[solved] join_cluster fails on cluster setup

Hi,

I have two ejabberd nodes, ejabberd@node01 and ejabberd@node02. They were previously running in a cluster. I made the first one leave the cluster and then tried joining again.

Unfortunately, it fails with these error messages:

Using passed parameter for remote master node name: ejabberd@node02
Using commands:
/opt/ejabberd/sbin/ejabberdctl
/usr/bin/erl
/usr/bin/erlc

{error_logger,{{2015,10,24},{16,52,8}},"Protocol: ~tp: register error: ~tp~n",["inet_tcp",badarg]}
{error_logger,{{2015,10,24},{16,52,8}},crash_report,[[{initial_call,{net_kernel,init,['Argument__1']}},{pid,<0.20.0>},{registered_name,[]},{error_info,{exit,{error,badarg},[{gen_server,init_it,6,[{file,"gen_server.erl"},{line,322}]},{proc_lib,init_p_do_apply,3,[{file,"proc_lib.erl"},{line,239}]}]}},{ancestors,[net_sup,kernel_sup,<0.10.0>]},{messages,[]},{links,[<0.17.0>]},{dictionary,[{longnames,false}]},{trap_exit,true},{status,running},{heap_size,610},{stack_size,27},{reductions,273}],[]]}
{error_logger,{{2015,10,24},{16,52,8}},supervisor_report,[{supervisor,{local,net_sup}},{errorContext,start_error},{reason,{'EXIT',nodistribution}},{offender,[{pid,undefined},{name,net_kernel},{mfargs,{net_kernel,start_link,[['ejabberd@node01',shortnames]]}},{restart_type,permanent},{shutdown,2000},{child_type,worker}]}]}
{error_logger,{{2015,10,24},{16,52,8}},supervisor_report,[{supervisor,{local,kernel_sup}},{errorContext,start_error},{reason,{shutdown,{failed_to_start_child,net_kernel,{'EXIT',nodistribution}}}},{offender,[{pid,undefined},{name,net_sup},{mfargs,{erl_distribution,start_link,[]}},{restart_type,permanent},{shutdown,infinity},{child_type,supervisor}]}]}
{error_logger,{{2015,10,24},{16,52,8}},crash_report,[[{initial_call,{application_master,init,['Argument__1','Argument__2','Argument__3','Argument__4']}},{pid,<0.9.0>},{registered_name,[]},{error_info,{exit,{{shutdown,{failed_to_start_child,net_sup,{shutdown,{failed_to_start_child,net_kernel,{'EXIT',nodistribution}}}}},{kernel,start,[normal,[]]}},[{application_master,init,4,[{file,"application_master.erl"},{line,133}]},{proc_lib,init_p_do_apply,3,[{file,"proc_lib.erl"},{line,239}]}]}},{ancestors,[<0.8.0>]},{messages,[{'EXIT',<0.10.0>,normal}]},{links,[<0.8.0>,<0.7.0>]},{dictionary,[]},{trap_exit,true},{status,running},{heap_size,376},{stack_size,27},{reductions,117}],[]]}
{error_logger,{{2015,10,24},{16,52,8}},std_info,[{application,kernel},{exited,{{shutdown,{failed_to_start_child,net_sup,{shutdown,{failed_to_start_child,net_kernel,{'EXIT',nodistribution}}}}},{kernel,start,[normal,[]]}}},{type,permanent}]}
{"Kernel pid terminated",application_controller,"{application_start_failure,kernel,{{shutdown,{failed_to_start_child,net_sup,{shutdown,{failed_to_start_child,net_kernel,{'EXIT',nodistribution}}}}},{kernel,start,[normal,[]]}}}"}

The network configuration of the machines is still the same as when they were clustered, so I'm not sure what the "inet_tcp",badarg could mean.

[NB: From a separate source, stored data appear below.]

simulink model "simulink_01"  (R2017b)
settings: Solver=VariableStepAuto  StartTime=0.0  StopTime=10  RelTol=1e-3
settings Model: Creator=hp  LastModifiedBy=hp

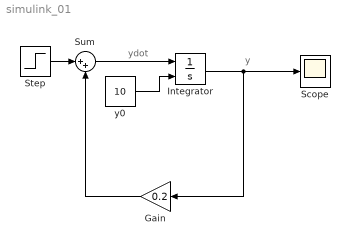
== system simulink_01 ==
  note: y
  note: ydot
  Gain : Gain  Gain=0.2
  Integrator : Integrator  InitialConditionSource=external  InitialCondition=50  ContinuousStateAttributes='y0'
  Scope : Scope
  Step : Step  After=0  SampleTime=0
  Sum : Sum  Inputs=|++
  y0 : Constant  Value=10
  wires:
  Integrator/1 -> Scope/1, Gain/1
  Gain/1 -> Sum/2
  Step/1 -> Sum/1
  Sum/1 -> Integrator/1
  y0/1 -> Integrator/2
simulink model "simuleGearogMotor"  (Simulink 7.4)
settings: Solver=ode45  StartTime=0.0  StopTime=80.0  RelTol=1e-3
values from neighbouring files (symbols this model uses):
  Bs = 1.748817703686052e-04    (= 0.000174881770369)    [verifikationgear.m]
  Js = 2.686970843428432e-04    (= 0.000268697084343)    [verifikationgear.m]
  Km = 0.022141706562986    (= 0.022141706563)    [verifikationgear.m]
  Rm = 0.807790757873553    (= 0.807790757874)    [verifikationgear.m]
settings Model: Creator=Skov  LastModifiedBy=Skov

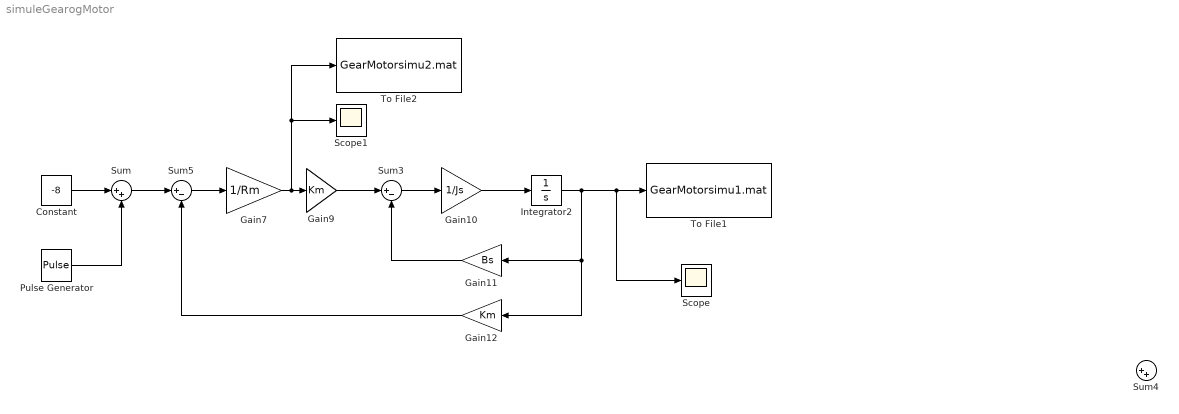
== system simuleGearogMotor ==
  Constant : Constant  Value=-8  OutDataType=fixdt(1, 16)  OutScaling=2^0
  Gain10 : Gain  Gain=1/Js  ParameterDataType=fixdt(1, 16)  ParameterScaling=2^0  OutDataType=fixdt(1, 16)  OutScaling=2^0
  Gain11 : Gain  Gain=Bs  ParameterDataType=fixdt(1, 16)  ParameterScaling=2^0  OutDataType=fixdt(1, 16)  OutScaling=2^0
  Gain12 : Gain  Gain=Km  ParameterDataType=fixdt(1, 16)  ParameterScaling=2^0  OutDataType=fixdt(1, 16)  OutScaling=2^0
  Gain7 : Gain  Gain=1/Rm  ParameterDataType=fixdt(1, 16)  ParameterScaling=2^0  OutDataType=fixdt(1, 16)  OutScaling=2^0
  Gain9 : Gain  Gain=Km  ParameterDataType=fixdt(1, 16)  ParameterScaling=2^0  OutDataType=fixdt(1, 16)  OutScaling=2^0
  Integrator2 : Integrator
  Pulse Generator : DiscretePulseGenerator  PulseType=Time based  Amplitude=16  Period=10  PulseWidth=50  PhaseDelay=0  SampleTime=1
  Scope : Scope
  Scope1 : Scope
  Sum : Sum  Inputs=|++  OutDataType=fixdt(1, 16)  OutScaling=2^0
  Sum3 : Sum  Inputs=|+-  OutDataType=fixdt(1, 16)  OutScaling=2^0
  Sum4 : Sum  Inputs=|++  OutDataType=fixdt(1, 16)  OutScaling=2^0
  Sum5 : Sum  Inputs=|+-  OutDataType=fixdt(1, 16)  OutScaling=2^0
  To File1 : ToFile  Filename=GearMotorsimu1.mat  SampleTime=0.01
  To File2 : ToFile  Filename=GearMotorsimu2.mat  SampleTime=0.01
  wires:
  ? -> Sum4/1
  Pulse Generator/1 -> Sum/2
  Constant/1 -> Sum/1
  Gain7/1 -> Gain9/1, Scope1/1, To File2/1
  Gain10/1 -> Integrator2/1
  Sum3/1 -> Gain10/1
  Integrator2/1 -> Gain11/1, Gain12/1, Scope/1, To File1/1
  Gain12/1 -> Sum5/2
  Gain11/1 -> Sum3/2
  Gain9/1 -> Sum3/1
  Sum/1 -> Sum5/1
  Sum5/1 -> Gain7/1

Both nodes are running ejabberd 15.09.

Hi I have same problem. I

Hi I have same problem.

I install ejabberd-15.09-linux-x86_64-installer.run on debian(jessie). I try to cluster them and I cant.
who did clustering with ejabberd 15.09 ?
I do follow steps:

- I Install erlang(18) and ejabberd
- Create ejabberd.cfg file
- In ejabberdctl.cfg: set(local) INET_DIST_INTERFACE={10,0,0,1} and ERLANG NODE NAME
- same .erlang cookie(/root/.erlangcookie)
I use join_cluster and joincluster commands
/opt/ejabberd-15.09/bin/ejabberdctl join_cluster 'ejabberd@server1'
/opt/ejabberd-15.09/bin/joincluster 'ejabberd@server1'
it return:

--------------------------------------------------------------------

ejabberd cluster configuration

This ejabberd node will be configured for use in an ejabberd cluster.
IMPORTANT: all local data from the database will be lost, and
cluster database will be initialized. All data from the master
node will be replicated to this one.

--------------------------------------------------------------------
Press any key to continue, or Ctrl+C to stop now

Using passed parameter for remote master node name: ejabberd@70_slave
Using commands:
/opt/ejabberd-15.09/bin/ejabberdctl.

and try with easy_cluster.erl(https://raymii.org/s/tutorials/Set_up_a_federated_XMPP_Chat_Network_with...) , but it not working,too

please some body help me.plz

What user are you running

What user are you running ejabberd as ? Can you try that command using

sudo -u -i /opt/ejabberd-15.09/bin/joincluster 'ejabberd@server1'

I install and run ejabberd

I install and run ejabberd with root's user. I use debian and sudo -u -i not work.
I run this command(/opt/ejabberd-15.09/bin/joincluster 'ejabberd@server1') with root's user.
it returns:

ejabberd cluster configuration

This ejabberd node will be configured for use in an ejabberd cluster.
IMPORTANT: all local data from the database will be lost, and
cluster database will be initialized. All data from the master
node will be replicated to this one.

--------------------------------------------------------------------
Press any key to continue, or Ctrl+C to stop now

Using passed parameter for remote master node name: ejabberd@69_slave
Using commands:
/opt/ejabberd-15.09/bin/ejabberdctl

I think your problem (script

I think your problem (script exiting after showing the path of ejabberdctl) is caused by the "exec" command used in the joincluster script to call ejabberdctl. I removed it and the joincluster script continues, unfortunately resulting in the errors above in my case.

It's running under the

It's running under the "ejabberd" user (ejabberd was compiled manually with "./configure --prefix=/opt/ejabberd --enable-user=ejabberd"). I also tried re-joining the cluster as this user.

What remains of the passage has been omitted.